Task prompt: All lines from the beginning of the listing through the line with "constraint coincident A0.centre L7" are to be copied word for word; the pictures are not.

Record extracts:
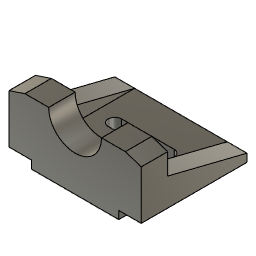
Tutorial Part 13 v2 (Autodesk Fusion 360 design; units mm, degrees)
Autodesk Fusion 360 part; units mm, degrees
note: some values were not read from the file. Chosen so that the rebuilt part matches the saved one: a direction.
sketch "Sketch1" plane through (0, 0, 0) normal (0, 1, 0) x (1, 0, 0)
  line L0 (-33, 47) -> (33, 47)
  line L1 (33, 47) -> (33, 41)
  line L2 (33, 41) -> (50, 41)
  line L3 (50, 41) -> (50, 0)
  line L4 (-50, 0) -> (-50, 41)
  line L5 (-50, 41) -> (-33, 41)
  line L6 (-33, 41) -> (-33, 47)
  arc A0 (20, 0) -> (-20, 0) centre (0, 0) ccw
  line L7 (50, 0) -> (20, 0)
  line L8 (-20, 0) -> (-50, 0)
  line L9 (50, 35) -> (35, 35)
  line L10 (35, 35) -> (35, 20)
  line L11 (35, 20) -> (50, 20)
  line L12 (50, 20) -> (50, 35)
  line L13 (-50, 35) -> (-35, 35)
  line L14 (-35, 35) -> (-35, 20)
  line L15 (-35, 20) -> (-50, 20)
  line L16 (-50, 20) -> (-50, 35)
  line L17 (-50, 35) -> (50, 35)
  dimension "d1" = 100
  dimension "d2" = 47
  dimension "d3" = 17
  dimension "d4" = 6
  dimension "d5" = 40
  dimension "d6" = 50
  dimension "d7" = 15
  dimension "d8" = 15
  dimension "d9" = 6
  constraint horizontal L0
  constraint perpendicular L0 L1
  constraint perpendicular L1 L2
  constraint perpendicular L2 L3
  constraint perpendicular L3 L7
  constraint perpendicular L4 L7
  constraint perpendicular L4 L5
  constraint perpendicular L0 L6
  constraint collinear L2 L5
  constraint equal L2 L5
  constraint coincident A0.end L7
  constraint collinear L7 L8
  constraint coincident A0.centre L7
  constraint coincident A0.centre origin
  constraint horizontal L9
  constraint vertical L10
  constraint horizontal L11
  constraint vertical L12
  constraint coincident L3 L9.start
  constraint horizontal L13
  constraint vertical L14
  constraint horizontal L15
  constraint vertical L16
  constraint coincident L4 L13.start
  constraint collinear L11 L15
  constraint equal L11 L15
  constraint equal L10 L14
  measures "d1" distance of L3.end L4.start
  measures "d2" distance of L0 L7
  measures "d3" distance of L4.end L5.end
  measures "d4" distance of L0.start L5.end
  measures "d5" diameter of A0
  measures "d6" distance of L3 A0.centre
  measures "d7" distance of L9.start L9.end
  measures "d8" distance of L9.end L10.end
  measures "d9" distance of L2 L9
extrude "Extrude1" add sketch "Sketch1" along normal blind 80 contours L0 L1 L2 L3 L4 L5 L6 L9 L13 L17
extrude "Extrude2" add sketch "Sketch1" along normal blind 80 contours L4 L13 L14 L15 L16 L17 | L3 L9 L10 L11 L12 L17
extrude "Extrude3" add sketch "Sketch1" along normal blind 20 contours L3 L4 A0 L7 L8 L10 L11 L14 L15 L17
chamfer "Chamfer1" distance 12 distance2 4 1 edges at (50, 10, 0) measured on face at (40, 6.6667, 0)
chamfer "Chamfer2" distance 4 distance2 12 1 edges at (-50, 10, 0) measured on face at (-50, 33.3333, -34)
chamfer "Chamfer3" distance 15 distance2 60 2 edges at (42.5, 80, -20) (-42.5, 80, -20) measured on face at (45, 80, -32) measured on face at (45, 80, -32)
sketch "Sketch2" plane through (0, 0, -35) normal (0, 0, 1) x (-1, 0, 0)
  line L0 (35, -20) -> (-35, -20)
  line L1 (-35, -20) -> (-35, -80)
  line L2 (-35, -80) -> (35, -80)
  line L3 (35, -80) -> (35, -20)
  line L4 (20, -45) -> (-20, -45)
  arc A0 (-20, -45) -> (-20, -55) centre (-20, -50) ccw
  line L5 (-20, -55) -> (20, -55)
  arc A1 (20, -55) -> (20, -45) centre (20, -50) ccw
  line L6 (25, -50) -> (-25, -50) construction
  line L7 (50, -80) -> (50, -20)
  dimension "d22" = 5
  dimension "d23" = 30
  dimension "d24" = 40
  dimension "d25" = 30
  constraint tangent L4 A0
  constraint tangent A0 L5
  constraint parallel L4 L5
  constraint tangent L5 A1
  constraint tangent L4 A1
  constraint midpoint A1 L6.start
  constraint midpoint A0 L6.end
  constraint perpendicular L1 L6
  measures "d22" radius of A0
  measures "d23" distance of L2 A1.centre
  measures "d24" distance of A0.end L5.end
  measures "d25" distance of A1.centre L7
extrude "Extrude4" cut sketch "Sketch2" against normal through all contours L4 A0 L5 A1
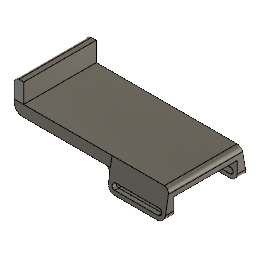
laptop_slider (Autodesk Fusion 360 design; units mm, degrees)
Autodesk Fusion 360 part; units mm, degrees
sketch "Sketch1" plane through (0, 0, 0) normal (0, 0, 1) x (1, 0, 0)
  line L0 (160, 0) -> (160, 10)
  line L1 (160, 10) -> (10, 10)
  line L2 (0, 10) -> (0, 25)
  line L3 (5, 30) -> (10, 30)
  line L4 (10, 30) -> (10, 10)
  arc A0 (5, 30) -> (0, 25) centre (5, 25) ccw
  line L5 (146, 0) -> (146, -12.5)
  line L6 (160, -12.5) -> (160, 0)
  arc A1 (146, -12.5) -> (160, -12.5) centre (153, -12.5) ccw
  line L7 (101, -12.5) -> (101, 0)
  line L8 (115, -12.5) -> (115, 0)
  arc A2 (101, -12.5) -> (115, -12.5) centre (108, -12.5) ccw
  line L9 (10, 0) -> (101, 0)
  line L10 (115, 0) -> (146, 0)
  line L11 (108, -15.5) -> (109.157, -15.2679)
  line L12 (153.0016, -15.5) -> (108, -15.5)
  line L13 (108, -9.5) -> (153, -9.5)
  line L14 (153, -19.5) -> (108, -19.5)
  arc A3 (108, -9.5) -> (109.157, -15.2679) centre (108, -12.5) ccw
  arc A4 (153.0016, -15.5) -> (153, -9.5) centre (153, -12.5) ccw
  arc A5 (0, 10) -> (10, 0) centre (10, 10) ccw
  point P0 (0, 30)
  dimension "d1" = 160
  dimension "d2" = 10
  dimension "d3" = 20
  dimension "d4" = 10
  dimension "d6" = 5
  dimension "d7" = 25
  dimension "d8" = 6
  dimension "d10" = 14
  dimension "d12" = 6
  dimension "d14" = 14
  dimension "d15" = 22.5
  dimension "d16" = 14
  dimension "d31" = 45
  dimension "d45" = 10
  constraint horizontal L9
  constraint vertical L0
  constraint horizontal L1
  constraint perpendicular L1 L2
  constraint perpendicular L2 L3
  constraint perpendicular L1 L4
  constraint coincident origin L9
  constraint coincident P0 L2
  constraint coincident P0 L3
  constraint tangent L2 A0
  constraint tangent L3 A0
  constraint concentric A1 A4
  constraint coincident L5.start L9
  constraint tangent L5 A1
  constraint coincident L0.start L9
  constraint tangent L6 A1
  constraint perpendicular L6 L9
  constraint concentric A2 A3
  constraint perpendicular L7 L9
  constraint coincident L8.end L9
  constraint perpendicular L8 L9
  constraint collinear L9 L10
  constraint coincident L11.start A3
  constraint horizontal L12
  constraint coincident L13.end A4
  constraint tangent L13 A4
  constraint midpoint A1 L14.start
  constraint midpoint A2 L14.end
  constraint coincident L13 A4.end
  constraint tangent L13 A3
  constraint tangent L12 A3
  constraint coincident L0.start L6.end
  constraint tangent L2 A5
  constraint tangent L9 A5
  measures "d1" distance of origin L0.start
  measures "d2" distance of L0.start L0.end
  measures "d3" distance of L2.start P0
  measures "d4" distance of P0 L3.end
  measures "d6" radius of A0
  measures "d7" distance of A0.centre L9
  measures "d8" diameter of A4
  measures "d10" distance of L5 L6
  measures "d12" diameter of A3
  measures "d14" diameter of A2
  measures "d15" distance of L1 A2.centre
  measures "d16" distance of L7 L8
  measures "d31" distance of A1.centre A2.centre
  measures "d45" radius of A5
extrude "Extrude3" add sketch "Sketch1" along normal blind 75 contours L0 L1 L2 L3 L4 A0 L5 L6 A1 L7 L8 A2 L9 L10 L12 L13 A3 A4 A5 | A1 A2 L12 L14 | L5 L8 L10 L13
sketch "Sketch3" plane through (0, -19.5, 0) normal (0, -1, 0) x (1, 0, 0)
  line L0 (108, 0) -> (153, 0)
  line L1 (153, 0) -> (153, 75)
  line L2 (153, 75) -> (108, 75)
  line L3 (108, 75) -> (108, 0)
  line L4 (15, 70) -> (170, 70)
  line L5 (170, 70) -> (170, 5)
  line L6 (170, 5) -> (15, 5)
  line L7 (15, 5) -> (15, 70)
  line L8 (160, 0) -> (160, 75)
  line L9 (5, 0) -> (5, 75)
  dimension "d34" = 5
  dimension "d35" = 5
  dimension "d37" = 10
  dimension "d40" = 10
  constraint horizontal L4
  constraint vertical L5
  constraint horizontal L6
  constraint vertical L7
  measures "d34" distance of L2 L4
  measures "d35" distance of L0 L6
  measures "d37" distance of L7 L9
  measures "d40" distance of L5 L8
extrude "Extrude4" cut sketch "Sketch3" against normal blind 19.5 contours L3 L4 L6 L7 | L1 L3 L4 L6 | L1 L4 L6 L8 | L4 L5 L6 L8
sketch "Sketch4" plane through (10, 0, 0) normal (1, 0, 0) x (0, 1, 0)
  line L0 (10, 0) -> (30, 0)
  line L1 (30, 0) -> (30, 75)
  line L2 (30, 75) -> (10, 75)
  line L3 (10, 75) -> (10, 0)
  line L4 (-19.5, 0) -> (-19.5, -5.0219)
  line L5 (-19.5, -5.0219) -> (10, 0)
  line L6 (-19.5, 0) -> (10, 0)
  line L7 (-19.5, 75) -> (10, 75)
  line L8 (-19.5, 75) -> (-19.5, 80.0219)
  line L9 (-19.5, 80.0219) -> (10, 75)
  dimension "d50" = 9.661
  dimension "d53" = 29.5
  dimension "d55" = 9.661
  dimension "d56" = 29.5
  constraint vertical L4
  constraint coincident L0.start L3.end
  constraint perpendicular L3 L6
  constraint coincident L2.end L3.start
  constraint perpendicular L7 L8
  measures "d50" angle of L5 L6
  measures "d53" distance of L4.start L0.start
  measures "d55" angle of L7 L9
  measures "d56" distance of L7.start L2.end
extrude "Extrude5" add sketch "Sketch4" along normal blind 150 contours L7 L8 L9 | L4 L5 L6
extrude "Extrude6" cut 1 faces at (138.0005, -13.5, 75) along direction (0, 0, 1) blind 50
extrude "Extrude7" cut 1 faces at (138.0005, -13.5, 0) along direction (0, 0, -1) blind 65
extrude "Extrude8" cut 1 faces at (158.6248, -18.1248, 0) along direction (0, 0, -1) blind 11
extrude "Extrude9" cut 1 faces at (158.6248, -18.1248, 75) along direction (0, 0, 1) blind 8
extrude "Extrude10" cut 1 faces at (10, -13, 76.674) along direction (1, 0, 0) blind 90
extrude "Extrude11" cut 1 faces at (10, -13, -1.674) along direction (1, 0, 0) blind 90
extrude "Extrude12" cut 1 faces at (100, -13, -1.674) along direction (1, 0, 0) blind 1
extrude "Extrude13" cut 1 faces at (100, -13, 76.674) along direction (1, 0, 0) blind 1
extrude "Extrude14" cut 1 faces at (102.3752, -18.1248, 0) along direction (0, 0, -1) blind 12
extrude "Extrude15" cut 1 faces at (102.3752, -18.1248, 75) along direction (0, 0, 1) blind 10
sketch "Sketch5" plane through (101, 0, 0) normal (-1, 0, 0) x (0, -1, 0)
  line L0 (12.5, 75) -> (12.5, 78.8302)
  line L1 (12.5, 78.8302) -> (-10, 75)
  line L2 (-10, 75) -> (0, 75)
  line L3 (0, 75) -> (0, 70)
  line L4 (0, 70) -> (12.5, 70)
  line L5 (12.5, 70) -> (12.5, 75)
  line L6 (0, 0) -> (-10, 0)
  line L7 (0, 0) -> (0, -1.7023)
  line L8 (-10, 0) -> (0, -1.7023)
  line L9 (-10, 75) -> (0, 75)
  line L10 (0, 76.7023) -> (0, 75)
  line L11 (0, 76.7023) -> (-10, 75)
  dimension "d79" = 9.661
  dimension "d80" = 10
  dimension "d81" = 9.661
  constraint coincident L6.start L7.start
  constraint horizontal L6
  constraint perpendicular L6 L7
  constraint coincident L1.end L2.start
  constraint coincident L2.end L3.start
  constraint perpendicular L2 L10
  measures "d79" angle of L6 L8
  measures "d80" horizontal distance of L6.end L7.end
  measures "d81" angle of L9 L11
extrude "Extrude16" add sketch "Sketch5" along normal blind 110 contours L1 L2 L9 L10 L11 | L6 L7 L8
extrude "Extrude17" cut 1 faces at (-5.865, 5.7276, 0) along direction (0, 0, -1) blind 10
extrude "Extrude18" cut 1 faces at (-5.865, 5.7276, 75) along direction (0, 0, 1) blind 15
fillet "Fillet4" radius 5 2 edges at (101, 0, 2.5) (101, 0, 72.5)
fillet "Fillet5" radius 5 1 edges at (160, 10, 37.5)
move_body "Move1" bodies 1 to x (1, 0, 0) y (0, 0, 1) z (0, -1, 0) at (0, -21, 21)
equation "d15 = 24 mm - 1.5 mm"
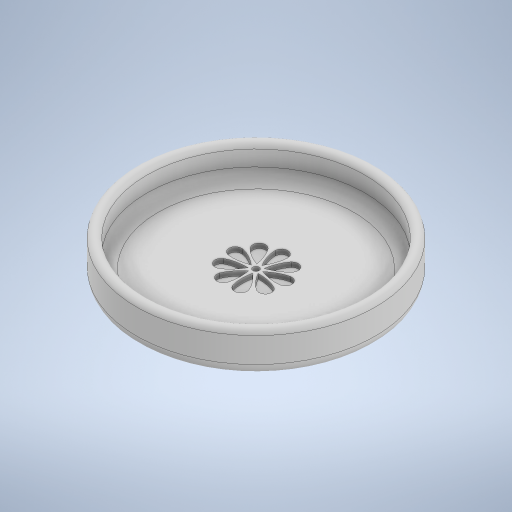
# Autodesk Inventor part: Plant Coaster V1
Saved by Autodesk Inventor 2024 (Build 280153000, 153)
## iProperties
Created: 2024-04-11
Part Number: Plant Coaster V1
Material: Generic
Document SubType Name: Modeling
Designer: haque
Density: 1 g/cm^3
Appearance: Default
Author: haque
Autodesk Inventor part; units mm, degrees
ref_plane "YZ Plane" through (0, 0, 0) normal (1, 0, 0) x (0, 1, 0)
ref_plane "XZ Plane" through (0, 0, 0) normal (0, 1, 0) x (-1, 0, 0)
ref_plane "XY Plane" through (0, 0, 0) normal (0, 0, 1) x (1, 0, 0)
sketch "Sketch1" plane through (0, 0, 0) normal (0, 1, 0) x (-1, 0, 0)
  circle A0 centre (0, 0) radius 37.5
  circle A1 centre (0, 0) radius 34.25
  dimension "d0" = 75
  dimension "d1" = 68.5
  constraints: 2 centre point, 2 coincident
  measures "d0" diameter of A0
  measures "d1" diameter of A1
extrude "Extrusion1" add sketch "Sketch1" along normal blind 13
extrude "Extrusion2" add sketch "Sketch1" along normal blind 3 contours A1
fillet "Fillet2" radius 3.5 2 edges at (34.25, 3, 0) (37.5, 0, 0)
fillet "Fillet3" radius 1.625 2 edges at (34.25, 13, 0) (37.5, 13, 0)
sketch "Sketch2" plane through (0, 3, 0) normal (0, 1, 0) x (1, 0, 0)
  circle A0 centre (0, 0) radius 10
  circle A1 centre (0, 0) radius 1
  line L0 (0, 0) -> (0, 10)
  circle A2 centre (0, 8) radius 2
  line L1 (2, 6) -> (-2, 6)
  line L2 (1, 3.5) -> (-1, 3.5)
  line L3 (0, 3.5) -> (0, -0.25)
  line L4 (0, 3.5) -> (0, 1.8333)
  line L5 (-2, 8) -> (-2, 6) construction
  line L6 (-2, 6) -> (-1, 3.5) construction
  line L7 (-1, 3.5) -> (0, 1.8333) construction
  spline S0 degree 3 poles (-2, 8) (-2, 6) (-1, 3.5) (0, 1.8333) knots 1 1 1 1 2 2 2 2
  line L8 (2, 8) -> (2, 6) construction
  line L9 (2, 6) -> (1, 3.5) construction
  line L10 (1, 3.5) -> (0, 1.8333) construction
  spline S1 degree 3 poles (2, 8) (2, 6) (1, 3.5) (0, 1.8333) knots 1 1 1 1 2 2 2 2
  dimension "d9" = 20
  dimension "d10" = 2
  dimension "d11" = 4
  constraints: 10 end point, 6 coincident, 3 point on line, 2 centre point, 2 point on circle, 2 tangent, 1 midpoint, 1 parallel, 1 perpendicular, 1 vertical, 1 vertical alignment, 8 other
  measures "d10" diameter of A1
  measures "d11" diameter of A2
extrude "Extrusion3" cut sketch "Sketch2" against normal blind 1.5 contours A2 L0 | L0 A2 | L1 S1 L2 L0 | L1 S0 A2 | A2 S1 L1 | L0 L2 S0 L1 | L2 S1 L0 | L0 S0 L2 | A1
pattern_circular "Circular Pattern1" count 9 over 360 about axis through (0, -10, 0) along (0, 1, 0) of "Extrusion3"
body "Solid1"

Expected answer:
Tutorial Part 13 v2 (Autodesk Fusion 360 design; units mm, degrees)
Autodesk Fusion 360 part; units mm, degrees
note: some values were not read from the file. Chosen so that the rebuilt part matches the saved one: a direction.
sketch "Sketch1" plane through (0, 0, 0) normal (0, 1, 0) x (1, 0, 0)
  line L0 (-33, 47) -> (33, 47)
  line L1 (33, 47) -> (33, 41)
  line L2 (33, 41) -> (50, 41)
  line L3 (50, 41) -> (50, 0)
  line L4 (-50, 0) -> (-50, 41)
  line L5 (-50, 41) -> (-33, 41)
  line L6 (-33, 41) -> (-33, 47)
  arc A0 (20, 0) -> (-20, 0) centre (0, 0) ccw
  line L7 (50, 0) -> (20, 0)
  line L8 (-20, 0) -> (-50, 0)
  line L9 (50, 35) -> (35, 35)
  line L10 (35, 35) -> (35, 20)
  line L11 (35, 20) -> (50, 20)
  line L12 (50, 20) -> (50, 35)
  line L13 (-50, 35) -> (-35, 35)
  line L14 (-35, 35) -> (-35, 20)
  line L15 (-35, 20) -> (-50, 20)
  line L16 (-50, 20) -> (-50, 35)
  line L17 (-50, 35) -> (50, 35)
  dimension "d1" = 100
  dimension "d2" = 47
  dimension "d3" = 17
  dimension "d4" = 6
  dimension "d5" = 40
  dimension "d6" = 50
  dimension "d7" = 15
  dimension "d8" = 15
  dimension "d9" = 6
  constraint horizontal L0
  constraint perpendicular L0 L1
  constraint perpendicular L1 L2
  constraint perpendicular L2 L3
  constraint perpendicular L3 L7
  constraint perpendicular L4 L7
  constraint perpendicular L4 L5
  constraint perpendicular L0 L6
  constraint collinear L2 L5
  constraint equal L2 L5
  constraint coincident A0.end L7
  constraint collinear L7 L8
  constraint coincident A0.centre L7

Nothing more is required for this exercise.